# Mac Studio Ultra (cpu spikes, audio pops, playback restarts) Logic Pro



## Abjection (Nov 7, 2022)

Hey all,

My apologies if this isn’t allowed as I had a prior post but I’ve now had a change in issues, so I feel as though this may be worth a new thread.

Anyhow, I’m looking to see if anyone else has experienced audio pops, clicks, intermittent CPU spikes and playback restarts while using an audio interface in Logic Pro. Specifically on an m1 studio, either Ultra or Max.

I’m currently on the latest version of Monterey and Logic. I’ve been troubleshooting for weeks since purchasing my Ultra and the only way I’m able to resolve the issues are if I plug headphones directly into the headphone input of the ultra and use the built in sound card for Logic.

I’ve tried four different audio interfaces (apollo x6, volt 1, focusrite 2i2, focusrite 18i20) and each one of them still exhibits said behavior, for a while I thought it was just the UA but after much further extensive testing I’ve figured out that it happens with any external interface. Either Thunderbolt, USB C, and usb 3.

Please, if anyone else has had this issue or had any potential idea of a work around I’d love to hear about it.

I am running all Native plugins, but have also recreated this issue using just the stick logic instruments and plugins.

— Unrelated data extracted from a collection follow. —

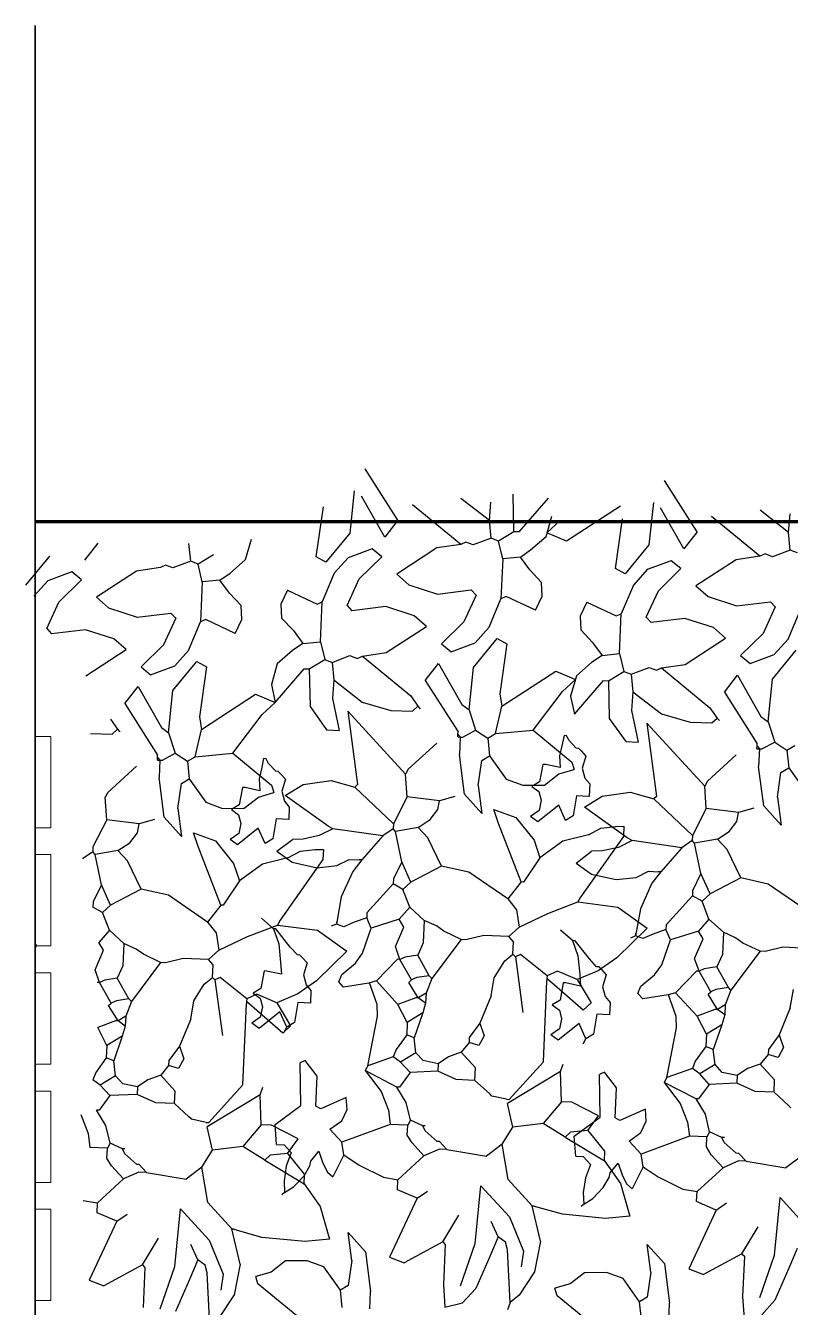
# Model space of a CAD drawing. Header units: inches. Extents: x 140.5 to 186.8, y 19 to 37.2.
# Drawn here: x 157.084 to 158.058, y 31.934 to 33.567 of the extents above; entities that cross this region are included whole.
import ezdxf

# ---------------------------------------------------------------- set-up
doc = ezdxf.new("R2010")
doc.units = ezdxf.units.IN
doc.header["$MEASUREMENT"] = 0
for name, color, linetype, lineweight in [('A-FLOR-FTPT', 6, 'Continuous', 70), ('A-FURN', 8, 'Continuous', 18), ('A-WALL-FULL', 7, 'Continuous', 35)]:
    doc.layers.add(name, color=color, linetype=linetype, lineweight=lineweight)
doc.layers.add('VERDE_siepe', color=96, linetype='Continuous')

msp = doc.modelspace()

# ---------------------------------------------------------------- linework, layer by layer
at = {"layer": 'A-FLOR-FTPT'}
msp.add_line((157.096, 32.9355), (159.346, 32.9355), dxfattribs=at)
at = {"layer": 'A-FURN'}
for p, q in [((157.096, 32.5455), (157.096, 32.6618)), ((157.096, 32.6618), (157.116, 32.6618)), ((157.116, 32.5455), (157.116, 32.6618)), ((157.096, 32.5455), (157.116, 32.5455)), ((157.096, 32.3949), (157.096, 32.5113)), ((157.096, 32.5113), (157.116, 32.5113)), ((157.116, 32.3949), (157.116, 32.5113)), ((157.096, 32.3949), (157.116, 32.3949)), ((157.096, 32.2443), (157.096, 32.3607)), ((157.096, 32.3607), (157.116, 32.3607)), ((157.116, 32.2443), (157.116, 32.3607)), ((157.096, 32.2443), (157.116, 32.2443)), ((157.096, 32.0937), (157.096, 32.2101)), ((157.096, 32.2101), (157.116, 32.2101)), ((157.116, 32.0937), (157.116, 32.2101)), ((157.096, 32.0937), (157.116, 32.0937)), ((157.096, 31.9431), (157.096, 32.0595)), ((157.096, 32.0595), (157.116, 32.0595)), ((157.116, 31.9431), (157.116, 32.0595)), ((157.096, 31.9431), (157.116, 31.9431))]:
    msp.add_line(p, q, dxfattribs=at)
at = {"layer": 'A-WALL-FULL'}
msp.add_line((157.096, 33.5673), (157.096, 21.5963), dxfattribs=at)
at = {"layer": 'VERDE_siepe'}
for p, q in [((157.5582, 32.9373), (157.5164, 33.0029)), ((157.9393, 32.9223), (157.8975, 32.9879)), ((157.5024, 32.9748), (157.4969, 32.9208)), ((157.5413, 32.9157), (157.5117, 32.968)), ((157.7059, 32.9226), (157.7048, 32.9706)), ((157.4541, 32.8907), (157.4632, 32.9542)), ((157.6382, 32.9064), (157.5765, 32.957)), ((157.6746, 32.9368), (157.6383, 32.965)), ((157.6746, 32.9368), (157.6765, 32.9604)), ((157.7493, 32.9654), (157.7123, 32.9224)), ((157.8418, 32.9552), (157.7728, 32.9104)), ((157.8835, 32.9598), (157.8779, 32.9058)), ((157.9224, 32.9006), (157.8928, 32.953)), ((157.5582, 32.9373), (157.5413, 32.9157)), ((157.6768, 32.9143), (157.6746, 32.9368)), ((157.7468, 32.9163), (157.7541, 32.9424)), ((157.7643, 32.9363), (157.7477, 32.921)), ((157.8351, 32.8757), (157.8443, 32.9392)), ((158.0192, 32.8914), (157.9576, 32.942)), ((158.0556, 32.9217), (158.0194, 32.95)), ((158.0556, 32.9217), (158.0576, 32.9454)), ((157.4969, 32.9208), (157.4665, 32.8838)), ((157.7059, 32.9226), (157.6862, 32.9107)), ((157.7123, 32.9224), (157.7059, 32.9226)), ((157.7728, 32.9104), (157.7477, 32.921)), ((157.9393, 32.9223), (157.9224, 32.9006)), ((158.0579, 32.8993), (158.0556, 32.9217)), ((157.1757, 32.9079), (157.1588, 32.8863)), ((157.2942, 32.8849), (157.292, 32.9074)), ((157.3642, 32.887), (157.3715, 32.913)), ((157.6079, 32.9019), (157.5567, 32.8685)), ((157.6381, 32.9064), (157.6079, 32.9019)), ((157.6447, 32.9093), (157.6382, 32.9064)), ((157.6541, 32.9057), (157.6447, 32.9093)), ((157.6768, 32.9143), (157.6541, 32.9057)), ((157.6862, 32.9107), (157.6768, 32.9143)), ((157.6916, 32.8881), (157.6862, 32.9107)), ((157.7272, 32.8994), (157.7468, 32.9163)), ((157.8779, 32.9058), (157.8476, 32.8688)), ((157.1143, 32.8914), (157.0839, 32.8544)), ((157.3233, 32.8933), (157.3036, 32.8813)), ((157.3446, 32.87), (157.3642, 32.887)), ((157.4665, 32.8838), (157.4541, 32.8907)), ((157.4947, 32.8894), (157.4769, 32.8697)), ((157.5253, 32.9007), (157.4947, 32.8894)), ((157.5088, 32.8624), (157.5376, 32.8906)), ((157.5376, 32.8906), (157.5253, 32.9007)), ((157.6916, 32.8881), (157.6894, 32.8372)), ((157.7141, 32.8903), (157.6916, 32.8881)), ((157.7141, 32.8903), (157.7272, 32.8994)), ((157.7261, 32.8739), (157.7141, 32.8903)), ((157.9063, 32.8857), (157.8757, 32.8744)), ((157.9186, 32.8756), (157.9063, 32.8857)), ((157.989, 32.8869), (157.9377, 32.8535)), ((158.0192, 32.8914), (157.989, 32.8869)), ((158.0257, 32.8943), (158.0192, 32.8914)), ((158.0351, 32.8907), (158.0257, 32.8943)), ((158.0579, 32.8993), (158.0351, 32.8907)), ((158.0673, 32.8957), (158.0579, 32.8993)), ((157.1427, 32.8713), (157.1121, 32.86)), ((157.155, 32.8612), (157.1427, 32.8713)), ((157.2253, 32.8725), (157.1741, 32.8391)), ((157.2556, 32.8771), (157.2253, 32.8725)), ((157.2621, 32.88), (157.2556, 32.8771)), ((157.2715, 32.8764), (157.2621, 32.88)), ((157.2942, 32.8849), (157.2715, 32.8764)), ((157.3036, 32.8813), (157.2942, 32.8849)), ((157.309, 32.8588), (157.3036, 32.8813)), ((157.3315, 32.861), (157.3446, 32.87)), ((157.4769, 32.8697), (157.4617, 32.8333)), ((157.7412, 32.8579), (157.7261, 32.8739)), ((157.8476, 32.8688), (157.8351, 32.8757)), ((157.8757, 32.8744), (157.858, 32.8546)), ((157.8899, 32.8474), (157.9186, 32.8756)), ((157.1121, 32.86), (157.0943, 32.8403)), ((157.1263, 32.833), (157.155, 32.8612)), ((157.309, 32.8588), (157.3068, 32.8078)), ((157.3315, 32.861), (157.309, 32.8588)), ((157.3435, 32.8445), (157.3315, 32.861)), ((157.4934, 32.8287), (157.5088, 32.8624)), ((157.5567, 32.8685), (157.5721, 32.855)), ((157.5721, 32.855), (157.6084, 32.8432)), ((157.7419, 32.8403), (157.7412, 32.8579)), ((157.858, 32.8546), (157.8427, 32.8182)), ((157.9377, 32.8535), (157.9531, 32.84)), ((157.1741, 32.8391), (157.1895, 32.8257)), ((157.3586, 32.8286), (157.3435, 32.8445)), ((157.4176, 32.848), (157.4092, 32.8301)), ((157.4176, 32.848), (157.4552, 32.8304)), ((157.6084, 32.8432), (157.6516, 32.8484)), ((157.6577, 32.8417), (157.6422, 32.808)), ((157.6577, 32.8417), (157.6516, 32.8484)), ((157.6742, 32.8008), (157.6894, 32.8372)), ((157.6959, 32.8401), (157.6894, 32.8372)), ((157.7334, 32.8225), (157.6959, 32.8401)), ((157.7334, 32.8225), (157.7419, 32.8403)), ((157.8745, 32.8137), (157.8899, 32.8474)), ((157.9531, 32.84), (157.9895, 32.8282)), ((157.1108, 32.7993), (157.1263, 32.833)), ((157.1895, 32.8257), (157.2259, 32.8138)), ((157.3593, 32.8109), (157.3586, 32.8286)), ((157.4092, 32.8301), (157.4099, 32.8125)), ((157.4552, 32.8304), (157.4617, 32.8333)), ((157.4595, 32.7823), (157.4617, 32.8333)), ((157.4934, 32.8287), (157.4995, 32.822)), ((157.5426, 32.8272), (157.4995, 32.822)), ((157.579, 32.8154), (157.5426, 32.8272)), ((157.7987, 32.8329), (157.7902, 32.8151)), ((157.7987, 32.8329), (157.8362, 32.8153)), ((157.9895, 32.8282), (158.0326, 32.8334)), ((158.0387, 32.8267), (158.0233, 32.793)), ((158.0387, 32.8267), (158.0326, 32.8334)), ((158.0552, 32.7858), (158.0705, 32.8221)), ((157.2259, 32.8138), (157.269, 32.819)), ((157.2751, 32.8124), (157.2596, 32.7786)), ((157.2751, 32.8124), (157.269, 32.819)), ((157.2916, 32.7714), (157.3068, 32.8078)), ((157.3133, 32.8107), (157.3068, 32.8078)), ((157.3509, 32.7931), (157.3133, 32.8107)), ((157.3509, 32.7931), (157.3593, 32.8109)), ((157.4099, 32.8125), (157.425, 32.7966)), ((157.5944, 32.8019), (157.579, 32.8154)), ((157.6422, 32.808), (157.6135, 32.7798)), ((157.7902, 32.8151), (157.791, 32.7975)), ((157.8362, 32.8153), (157.8427, 32.8182)), ((157.8405, 32.7673), (157.8427, 32.8182)), ((157.8745, 32.8137), (157.8805, 32.807)), ((157.9237, 32.8122), (157.8805, 32.807)), ((157.9601, 32.8004), (157.9237, 32.8122)), ((157.1108, 32.7993), (157.1169, 32.7927)), ((157.16, 32.7978), (157.1169, 32.7927)), ((157.1964, 32.786), (157.16, 32.7978)), ((157.425, 32.7966), (157.437, 32.7801)), ((157.5431, 32.7686), (157.5944, 32.8019)), ((157.6564, 32.781), (157.6742, 32.8008)), ((157.791, 32.7975), (157.806, 32.7815)), ((157.9754, 32.7869), (157.9601, 32.8004)), ((158.0233, 32.793), (157.9945, 32.7648)), ((157.1606, 32.7392), (157.2118, 32.7726)), ((157.2118, 32.7726), (157.1964, 32.786)), ((157.2596, 32.7786), (157.2309, 32.7504)), ((157.2738, 32.7516), (157.2916, 32.7714)), ((157.4239, 32.7711), (157.4043, 32.7541)), ((157.437, 32.7801), (157.4239, 32.7711)), ((157.437, 32.7801), (157.4595, 32.7823)), ((157.4595, 32.7823), (157.4649, 32.7597)), ((157.6135, 32.7798), (157.6258, 32.7697)), ((157.6258, 32.7697), (157.6564, 32.781)), ((157.6542, 32.7496), (157.6845, 32.7866)), ((157.6845, 32.7866), (157.697, 32.7797)), ((157.697, 32.7797), (157.6879, 32.7162)), ((157.806, 32.7815), (157.8181, 32.7651)), ((157.9242, 32.7535), (157.9754, 32.7869)), ((158.0352, 32.7346), (158.0656, 32.7716)), ((158.0375, 32.766), (158.0552, 32.7858)), ((157.2716, 32.7202), (157.3019, 32.7572)), ((157.3019, 32.7572), (157.3144, 32.7503)), ((157.4452, 32.7478), (157.4649, 32.7597)), ((157.4649, 32.7597), (157.4743, 32.7561)), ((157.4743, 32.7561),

I had zero issues for years when using an iMac - it’s only since going to an m1 that these issues have started. Everything was installed fresh here as well.

Thanks!


----------



## sourcefor (Nov 7, 2022)

I have a new MacBook Pro m1 16” and I get cpu spikes a lot. I think it maybe because I’m running in Rosetta mode! Not sure…hopefully someone can shed some light on how to properly set it up using M1 and non-m1 compatible plugins! Sorry you’re having issues!


----------



## Saxer (Nov 7, 2022)

Same here. I'm rather new to my Mac Studio Ultra and I had some times when the spinning wheel appears and shortly after that my interface wasn't selected anymore. I had to restart the computer to get it back to work.
In fuller arrangements the song position line jumps back a few steps from time to time or back to cycle start. Also some CPU spikes.

Tough these errors now happen less often than a few weeks ago. Interface stays connected now. I didn't change anything. Can't really find a causal connection to the plugins I use. Happens with purely native and mixed with Rosettas.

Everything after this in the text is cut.